The Management Layer controls the flow of objects in the system. It is responsible for tasks such as maintaining the configuration of the system, controlling the import process, management of the object (URL) queues, scheduling, allocation of objects to internal and external processing units (such as the low interaction and high interaction components), idle time management, fault monitoring and the final object classification.

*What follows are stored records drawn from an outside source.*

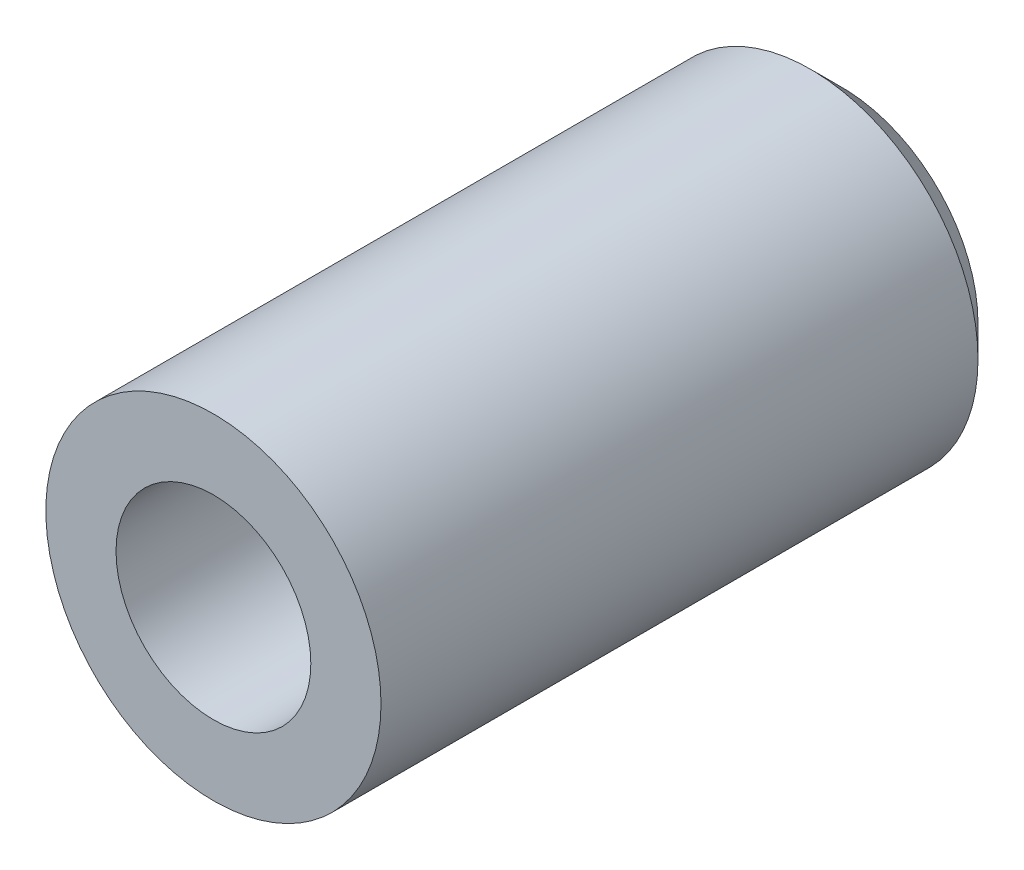
ISO-10303-21;
HEADER;
FILE_DESCRIPTION(('STEP AP214'),'2;1');
FILE_NAME('part.step','',(''),(''),'','','');
FILE_SCHEMA(('AUTOMOTIVE_DESIGN { 1 0 10303 214 1 1 1 1 }'));
ENDSEC;
DATA;
#1=APPLICATION_CONTEXT('core data for automotive mechanical design processes');
#2=APPLICATION_PROTOCOL_DEFINITION('international standard','automotive_design',2000,#1);
#3=PRODUCT_CONTEXT('',#1,'mechanical');
#4=PRODUCT('Part','Part','',(#3));
#5=PRODUCT_RELATED_PRODUCT_CATEGORY('part','',(#4));
#6=PRODUCT_DEFINITION_FORMATION('','',#4);
#7=PRODUCT_DEFINITION_CONTEXT('part definition',#1,'design');
#8=PRODUCT_DEFINITION('design','',#6,#7);
#9=PRODUCT_DEFINITION_SHAPE('','',#8);
#10=(LENGTH_UNIT() NAMED_UNIT(*) SI_UNIT(.MILLI.,.METRE.));
#11=(NAMED_UNIT(*) PLANE_ANGLE_UNIT() SI_UNIT($,.RADIAN.));
#12=(NAMED_UNIT(*) SI_UNIT($,.STERADIAN.) SOLID_ANGLE_UNIT());
#13=UNCERTAINTY_MEASURE_WITH_UNIT(LENGTH_MEASURE(1.E-05),#10,'distance_accuracy_value','');
#14=(GEOMETRIC_REPRESENTATION_CONTEXT(3) GLOBAL_UNCERTAINTY_ASSIGNED_CONTEXT((#13)) GLOBAL_UNIT_ASSIGNED_CONTEXT((#10,
#11,#12)) REPRESENTATION_CONTEXT('',''));
#15=CARTESIAN_POINT('',(0.,0.,0.));
#16=DIRECTION('',(0.,0.,1.));
#17=DIRECTION('',(1.,0.,0.));
#18=AXIS2_PLACEMENT_3D('',#15,#16,#17);
#19=CARTESIAN_POINT('',(0.,0.,0.));
#20=DIRECTION('',(0.,0.,1.));
#21=DIRECTION('',(1.,0.,0.));
#22=AXIS2_PLACEMENT_3D('',#19,#20,#21);
#23=PLANE('',#22);
#24=CARTESIAN_POINT('',(0.,0.,0.));
#25=DIRECTION('',(0.,0.,1.));
#26=DIRECTION('',(1.,0.,0.));
#27=AXIS2_PLACEMENT_3D('',#24,#25,#26);
#28=CIRCLE('',#27,4.65);
#29=CARTESIAN_POINT('',(4.65,0.,0.));
#30=VERTEX_POINT('',#29);
#31=EDGE_CURVE('E30',#30,#30,#28,.T.);
#32=ORIENTED_EDGE('',*,*,#31,.T.);
#33=EDGE_LOOP('',(#32));
#34=FACE_BOUND('',#33,.T.);
#35=CARTESIAN_POINT('',(0.,0.,0.));
#36=DIRECTION('',(0.,0.,-1.));
#37=DIRECTION('',(-1.,0.,0.));
#38=AXIS2_PLACEMENT_3D('',#35,#36,#37);
#39=CIRCLE('',#38,6.5);
#40=CARTESIAN_POINT('',(-6.5,0.,0.));
#41=VERTEX_POINT('',#40);
#42=EDGE_CURVE('E34',#41,#41,#39,.T.);
#43=ORIENTED_EDGE('',*,*,#42,.T.);
#44=EDGE_LOOP('',(#43));
#45=FACE_BOUND('',#44,.T.);
#46=ADVANCED_FACE('F15',(#34,#45),#23,.F.);
#47=CARTESIAN_POINT('',(0.,0.,30.));
#48=DIRECTION('',(0.,0.,-1.));
#49=DIRECTION('',(-1.,0.,0.));
#50=AXIS2_PLACEMENT_3D('',#47,#48,#49);
#51=CYLINDRICAL_SURFACE('',#50,8.);
#52=CARTESIAN_POINT('',(0.,0.,1.49999999999996));
#53=DIRECTION('',(0.,0.,1.));
#54=DIRECTION('',(1.,0.,0.));
#55=AXIS2_PLACEMENT_3D('',#52,#53,#54);
#56=CIRCLE('',#55,8.);
#57=CARTESIAN_POINT('',(8.,0.,1.49999999999996));
#58=VERTEX_POINT('',#57);
#59=EDGE_CURVE('E10',#58,#58,#56,.T.);
#60=ORIENTED_EDGE('',*,*,#59,.T.);
#61=EDGE_LOOP('',(#60));
#62=FACE_BOUND('',#61,.T.);
#63=CARTESIAN_POINT('',(0.,0.,30.));
#64=DIRECTION('',(0.,0.,1.));
#65=DIRECTION('',(1.,0.,0.));
#66=AXIS2_PLACEMENT_3D('',#63,#64,#65);
#67=CIRCLE('',#66,8.);
#68=CARTESIAN_POINT('',(8.,0.,30.));
#69=VERTEX_POINT('',#68);
#70=EDGE_CURVE('E22',#69,#69,#67,.T.);
#71=ORIENTED_EDGE('',*,*,#70,.F.);
#72=EDGE_LOOP('',(#71));
#73=FACE_BOUND('',#72,.T.);
#74=ADVANCED_FACE('F52',(#62,#73),#51,.T.);
#75=CARTESIAN_POINT('',(0.,0.,30.));
#76=DIRECTION('',(0.,0.,1.));
#77=DIRECTION('',(1.,0.,0.));
#78=AXIS2_PLACEMENT_3D('',#75,#76,#77);
#79=PLANE('',#78);
#80=ORIENTED_EDGE('',*,*,#70,.T.);
#81=EDGE_LOOP('',(#80));
#82=FACE_BOUND('',#81,.T.);
#83=CARTESIAN_POINT('',(0.,0.,30.));
#84=DIRECTION('',(0.,0.,1.));
#85=DIRECTION('',(1.,0.,0.));
#86=AXIS2_PLACEMENT_3D('',#83,#84,#85);
#87=CIRCLE('',#86,4.65);
#88=CARTESIAN_POINT('',(4.65,0.,30.));
#89=VERTEX_POINT('',#88);
#90=EDGE_CURVE('E26',#89,#89,#87,.T.);
#91=ORIENTED_EDGE('',*,*,#90,.F.);
#92=EDGE_LOOP('',(#91));
#93=FACE_BOUND('',#92,.T.);
#94=ADVANCED_FACE('F48',(#82,#93),#79,.T.);
#95=CARTESIAN_POINT('',(0.,0.,30.));
#96=DIRECTION('',(0.,0.,-1.));
#97=DIRECTION('',(-1.,0.,0.));
#98=AXIS2_PLACEMENT_3D('',#95,#96,#97);
#99=CYLINDRICAL_SURFACE('',#98,4.65);
#100=ORIENTED_EDGE('',*,*,#90,.T.);
#101=EDGE_LOOP('',(#100));
#102=FACE_BOUND('',#101,.T.);
#103=ORIENTED_EDGE('',*,*,#31,.F.);
#104=EDGE_LOOP('',(#103));
#105=FACE_BOUND('',#104,.T.);
#106=ADVANCED_FACE('F41',(#102,#105),#99,.F.);
#107=CARTESIAN_POINT('',(0.,0.,0.));
#108=DIRECTION('',(0.,0.,1.));
#109=DIRECTION('',(1.,0.,0.));
#110=AXIS2_PLACEMENT_3D('',#107,#108,#109);
#111=CONICAL_SURFACE('',#110,6.5,0.785398163397443);
#112=ORIENTED_EDGE('',*,*,#59,.F.);
#113=EDGE_LOOP('',(#112));
#114=FACE_BOUND('',#113,.T.);
#115=ORIENTED_EDGE('',*,*,#42,.F.);
#116=EDGE_LOOP('',(#115));
#117=FACE_BOUND('',#116,.T.);
#118=ADVANCED_FACE('F17',(#114,#117),#111,.T.);
#119=CLOSED_SHELL('',(#46,#74,#94,#106,#118));
#120=MANIFOLD_SOLID_BREP('B1',#119);
#121=ADVANCED_BREP_SHAPE_REPRESENTATION('',(#18,#120),#14);
#122=SHAPE_DEFINITION_REPRESENTATION(#9,#121);
ENDSEC;
END-ISO-10303-21;

Every object processed by the system has meta-data associated with it, which is assigned by the Management layer of the HoneySpider system. An object tag contains the following information:

  • A Confidence level

  • A Priority Level

  • An Process classification

  • An Alert classification

An Alert classification is the final classification for a given URL after processing by different components. It can be one of four different classes: NOT_ACTIVE, BENIGN, SUSPICIOUS, MALICIOUS.

Malicious

The analysis of an object determines that an exploit and/or malware is used to compromise a system and/or applications.

Suspicious

The analysis of an object indicates that an exploit and/or malware may be used to compromise a system and/or applications. Or a detected obfuscated script that can be used for redirection purposes.

Benign

The analysis of an object determines that no exploit and/or malware is used to compromise a system and/or application.

Not active

The object — in this case URL — is either unreachable or does not resolve any more.

A future role for the management layer is the refinement and distribution of signatures from the high interaction components to the low interaction components.

Presentation layer

The presentation layer allows access to information concerning the processed objects and for interaction between the user and the system through a GUI. By Milestone 4 it will also allow automatic generation of PDF reports of through the Reporter component, and the generation of alarms through the Alerter component. It will also provide an API that can be used by external system to plug in and retrieve the most important information in an automated manner.